I believe most lumes need to be "charged" like you have done unless you are talking about tritium gas (like the Ball watches) which is radioactive and glows on its own. Some lume are brighter than others depending on the coating and type of paint used (as well as color...white the brightest, orange less so). I think what you have is normal.


----------



## Geof3

Uh... The lume is light reactive. :-s It has to be charged with light or it won't glow. The sun will hammer it up. Once charged it should be visible, though weakly after a bit, all night.


----------



## chrisc9867

Yup, they have pretty dim lumes apparently. People tend to say to watch out for the low lumes as they may be fakes. In truth, the real ones have low lumes lol...


----------



## Vic-20

chrisc9867 said:


> Yup, they have pretty dim lumes apparently. People tend to say to watch out for the low lumes as they may be fakes. In truth, the real ones have low lumes lol...

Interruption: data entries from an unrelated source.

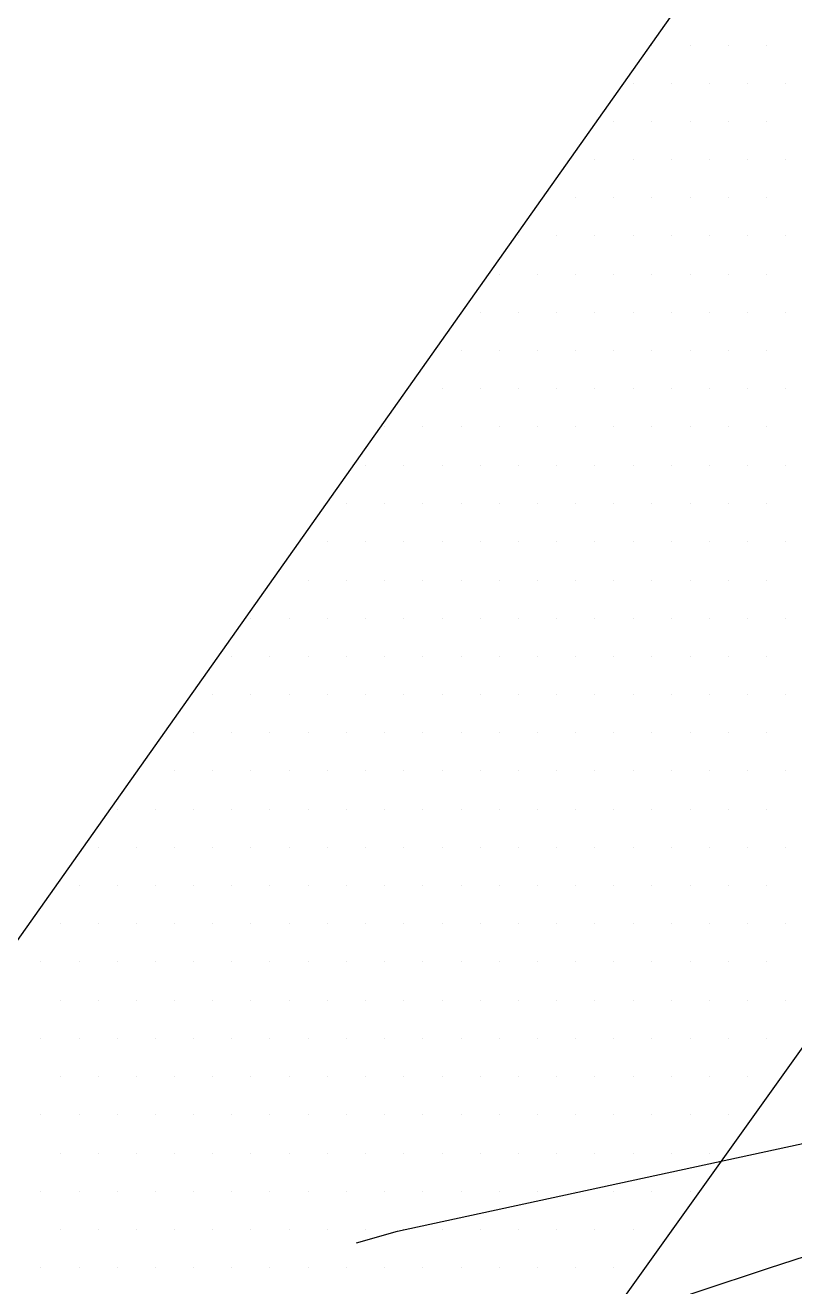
# Model space of a CAD drawing. Header units: millimetres. Extents: x -1573 to 210, y -360 to 557.
# Drawn here: x -496.578 to -495.469, y 30.167 to 31.984 of the extents above; entities that cross this region are included whole.
import ezdxf

# ---------------------------------------------------------------- set-up
doc = ezdxf.new("R2010")
doc.units = ezdxf.units.MM
doc.header["$LTSCALE"] = 2
doc.linetypes.add('CACHEX2', pattern=[0.75, 0.5, -0.25])
for name, color, linetype in [('CALQUE_7', 4, 'Continuous'), ('CARTOUCHE', 7, 'Continuous'), ('rosace', 7, 'Continuous')]:
    doc.layers.add(name, color=color, linetype=linetype)

# ---------------------------------------------------------------- blocks, each defined once
blk = doc.blocks.new('A$C715108E3')
at = {"layer": 'CALQUE_7', "color": 131}
for p, q in [((-9.795, 1.1627), (-9.795, 1.1627)), ((-9.7912, 1.1627), (-9.7912, 1.1627)), ((-9.699, 1.1627), (-9.699, 1.1627)), ((-9.6072, 1.1627), (-9.6072, 1.1627)), ((-9.5157, 1.1627), (-9.5157, 1.1627)), ((-9.8594, 1.0713), (-9.8594, 1.0713)), ((-9.8366, 1.0713), (-9.8366, 1.0713)), ((-9.7447, 1.0713), (-9.7447, 1.0713)), ((-9.6535, 1.0713), (-9.6535, 1.0713)), ((-9.5614, 1.0713), (-9.5614, 1.0713)), ((-9.4696, 1.0713), (-9.4696, 1.0713)), ((-9.9247, 0.9798), (-9.9247, 0.9798)), ((-9.8823, 0.9798), (-9.8823, 0.9798)), ((-9.7912, 0.9798), (-9.7912, 0.9798)), ((-9.699, 0.9798), (-9.699, 0.9798)), ((-9.6072, 0.9798), (-9.6072, 0.9798)), ((-9.5157, 0.9798), (-9.5157, 0.9798)), ((-9.9897, 0.8872), (-9.9897, 0.8872)), ((-9.9284, 0.8872), (-9.9284, 0.8872)), ((-9.8366, 0.8872), (-9.8366, 0.8872)), ((-9.7447, 0.8872), (-9.7447, 0.8872)), ((-9.6535, 0.8872), (-9.6535, 0.8872)), ((-9.5614, 0.8872), (-9.5614, 0.8872)), ((-9.4696, 0.8872), (-9.4696, 0.8872)), ((-10.0543, 0.7961), (-10.0543, 0.7961)), ((-9.9743, 0.7961), (-9.9743, 0.7961)), ((-9.8823, 0.7961), (-9.8823, 0.7961)), ((-9.7912, 0.7961), (-9.7912, 0.7961)), ((-9.699, 0.7961), (-9.699, 0.7961)), ((-9.6072, 0.7961), (-9.6072, 0.7961)), ((-9.5157, 0.7961), (-9.5157, 0.7961)), ((-10.1194, 0.7047), (-10.1194, 0.7047)), ((-10.1119, 0.7047), (-10.1119, 0.7047)), ((-10.0199, 0.7047), (-10.0199, 0.7047)), ((-9.9284, 0.7047), (-9.9284, 0.7047)), ((-9.8366, 0.7047), (-9.8366, 0.7047)), ((-9.7447, 0.7047), (-9.7447, 0.7047)), ((-9.6535, 0.7047), (-9.6535, 0.7047)), ((-9.5614, 0.7047), (-9.5614, 0.7047)), ((-9.4696, 0.7047), (-9.4696, 0.7047)), ((-10.1842, 0.6123), (-10.1842, 0.6123)), ((-10.1576, 0.6123), (-10.1576, 0.6123)), ((-10.0663, 0.6123), (-10.0663, 0.6123)), ((-9.9743, 0.6123), (-9.9743, 0.6123)), ((-9.8823, 0.6123), (-9.8823, 0.6123)), ((-9.7912, 0.6123), (-9.7912, 0.6123)), ((-9.699, 0.6123), (-9.699, 0.6123)), ((-9.6072, 0.6123), (-9.6072, 0.6123)), ((-9.5157, 0.6123), (-9.5157, 0.6123)), ((-10.2496, 0.521), (-10.2496, 0.521)), ((-10.2035, 0.521), (-10.2035, 0.521)), ((-10.1119, 0.521), (-10.1119, 0.521)), ((-10.0199, 0.521), (-10.0199, 0.521)), ((-9.9284, 0.521), (-9.9284, 0.521)), ((-9.8366, 0.521), (-9.8366, 0.521)), ((-9.7447, 0.521), (-9.7447, 0.521)), ((-9.6535, 0.521), (-9.6535, 0.521)), ((-9.5614, 0.521), (-9.5614, 0.521)), ((-9.4696, 0.521), (-9.4696, 0.521)), ((-10.3141, 0.4296), (-10.3141, 0.4296)), ((-10.2496, 0.4296), (-10.2496, 0.4296)), ((-10.1576, 0.4296), (-10.1576, 0.4296)), ((-10.0663, 0.4296), (-10.0663, 0.4296)), ((-9.9743, 0.4296), (-9.9743, 0.4296)), ((-9.8823, 0.4296), (-9.8823, 0.4296)), ((-9.7912, 0.4296), (-9.7912, 0.4296)), ((-9.699, 0.4296), (-9.699, 0.4296)), ((-9.6072, 0.4296), (-9.6072, 0.4296)), ((-9.5157, 0.4296), (-9.5157, 0.4296)), ((-10.3793, 0.3372), (-10.3793, 0.3372)), ((-10.2952, 0.3372), (-10.2952, 0.3372)), ((-10.2035, 0.3372), (-10.2035, 0.3372)), ((-10.1119, 0.3372), (-10.1119, 0.3372)), ((-10.0199, 0.3372), (-10.0199, 0.3372)), ((-9.9284, 0.3372), (-9.9284, 0.3372)), ((-9.8366, 0.3372), (-9.8366, 0.3372)), ((-9.7447, 0.3372), (-9.7447, 0.3372)), ((-9.6535, 0.3372), (-9.6535, 0.3372)), ((-9.5614, 0.3372), (-9.5614, 0.3372)), ((-9.4696, 0.3372), (-9.4696, 0.3372)), ((-10.4442, 0.2459), (-10.4442, 0.2459)), ((-10.4327, 0.2459), (-10.4327, 0.2459)), ((-10.3413, 0.2459), (-10.3413, 0.2459)), ((-10.2496, 0.2459), (-10.2496, 0.2459)), ((-10.1576, 0.2459), (-10.1576, 0.2459)), ((-10.0663, 0.2459), (-10.0663, 0.2459)), ((-9.9743, 0.2459), (-9.9743, 0.2459)), ((-9.8823, 0.2459), (-9.8823, 0.2459)), ((-9.7912, 0.2459), (-9.7912, 0.2459)), ((-9.699, 0.2459), (-9.699, 0.2459)), ((-9.6072, 0.2459), (-9.6072, 0.2459)), ((-9.5157, 0.2459), (-9.5157, 0.2459)), ((-10.5086, 0.1544), (-10.5086, 0.1544)), ((-10.479, 0.1544), (-10.479, 0.1544)), ((-10.3868, 0.1544), (-10.3868, 0.1544)), ((-10.2952, 0.1544), (-10.2952, 0.1544)), ((-10.2035, 0.1544), (-10.2035, 0.1544)), ((-10.1119, 0.1544), (-10.1119, 0.1544)), ((-10.0199, 0.1544), (-10.0199, 0.1544)), ((-9.9284, 0.1544), (-9.9284, 0.1544)), ((-9.8366, 0.1544), (-9.8366, 0.1544)), ((-9.7447, 0.1544), (-9.7447, 0.1544)), ((-9.6535, 0.1544), (-9.6535, 0.1544)), ((-9.5614, 0.1544), (-9.5614, 0.1544)), ((-9.4696, 0.1544), (-9.4696, 0.1544)), ((-10.574, 0.0618), (-10.574, 0.0618)), ((-10.5244, 0.0618), (-10.5244, 0.0618)), ((-10.4327, 0.0618), (-10.4327, 0.0618)), ((-10.3413, 0.0618), (-10.3413, 0.0618)), ((-10.2496, 0.0618), (-10.2496, 0.0618)), ((-10.1576, 0.0618), (-10.1576, 0.0618)), ((-10.0663, 0.0618), (-10.0663, 0.0618)), ((-9.9743, 0.0618), (-9.9743, 0.0618)), ((-9.8823, 0.0618), (-9.8823, 0.0618)), ((-9.7912, 0.0618), (-9.7912, 0.0618)), ((-9.699, 0.0618), (-9.699, 0.0618)), ((-9.6072, 0.0618), (-9.6072, 0.0618)), ((-9.5157, 0.0618), (-9.5157, 0.0618)), ((-10.6389, -0.0294), (-10.6389, -0.0294)), ((-10.5705, -0.0294), (-10.5705, -0.0294)), ((-10.479, -0.0294), (-10.479, -0.0294)), ((-10.3868, -0.0294), (-10.3868, -0.0294)), ((-10.2952, -0.0294), (-10.2952, -0.0294)), ((-10.2035, -0.0294), (-10.2035, -0.0294)), ((-10.1119, -0.0294), (-10.1119, -0.0294)), ((-10.0199, -0.0294), (-10.0199, -0.0294)), ((-9.9284, -0.0294), (-9.9284, -0.0294)), ((-9.8366, -0.0294), (-9.8366, -0.0294)), ((-9.7447, -0.0294), (-9.7447, -0.0294)), ((-9.6535, -0.0294), (-9.6535, -0.0294)), ((-9.5614, -0.0294), (-9.5614, -0.0294)), ((-9.4696, -0.0294), (-9.4696, -0.0294)), ((-10.7041, -0.1218), (-10.7041, -0.1218)), ((-10.6164, -0.1218), (-10.6164, -0.1218)), ((-10.5244, -0.1218), (-10.5244, -0.1218)), ((-10.4327, -0.1218), (-10.4327, -0.1218)), ((-10.3413, -0.1218), (-10.3413, -0.1218)), ((-10.2496, -0.1218), (-10.2496, -0.1218)), ((-10.1576, -0.1218), (-10.1576, -0.1218)), ((-10.0663, -0.1218), (-10.0663, -0.1218)), ((-9.9743, -0.1218), (-9.9743, -0.1218)), ((-9.8823, -0.1218), (-9.8823, -0.1218)), ((-9.7912, -0.1218), (-9.7912, -0.1218)), ((-9.699, -0.1218), (-9.699, -0.1218)), ((-9.6072, -0.1218), (-9.6072, -0.1218)), ((-9.5157, -0.1218), (-9.5157, -0.1218)), ((-10.7688, -0.2131), (-10.7688, -0.2131)), ((-10.7541, -0.2131), (-10.7541, -0.2131)), ((-10.6621, -0.2131), (-10.6621, -0.2131)), ((-10.5705, -0.2131), (-10.5705, -0.2131)), ((-10.479, -0.2131), (-10.479, -0.2131)), ((-10.3868, -0.2131), (-10.3868, -0.2131)), ((-10.2952, -0.2131), (-10.2952, -0.2131)), ((-10.2035, -0.2131), (-10.2035, -0.2131)), ((-10.1119, -0.2131), (-10.1119, -0.2131)), ((-10.0199, -0.2131), (-10.0199, -0.2131)), ((-9.9284, -0.2131), (-9.9284, -0.2131)), ((-9.8366, -0.2131), (-9.8366, -0.2131)), ((-9.7447, -0.2131), (-9.7447, -0.2131)), ((-9.6535, -0.2131), (-9.6535, -0.2131)), ((-9.5614, -0.2131), (-9.5614, -0.2131)), ((-9.4696, -0.2131), (-9.4696, -0.2131)), ((-10.8336, -0.3047), (-10.8336, -0.3047)), ((-10.7997, -0.3047), (-10.7997, -0.3047)), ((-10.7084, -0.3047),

I agree. If you are looking for spectacular luminosity you won't gnerally find it with luxury watches. I've heard similar comments around SINN watches. I bought a Lum Tec M16 and it's a torch in comparison to my BR03-94 S chrono. But to get that lume the pigment color under normal light just doesn't offer color crispness. On the other hand, with the B&R the the indices, hands and dial color contrast (the bright white and the deep black) :-!between are what's most pleasing to me on the B&R anyways!


----------



## RooRocks

Geof3 said:


> Uh... The lume is light reactive. :-s It has to be charged with light or it won't glow. The sun will hammer it up. Once charged it should be visible, though weakly after a bit, all night.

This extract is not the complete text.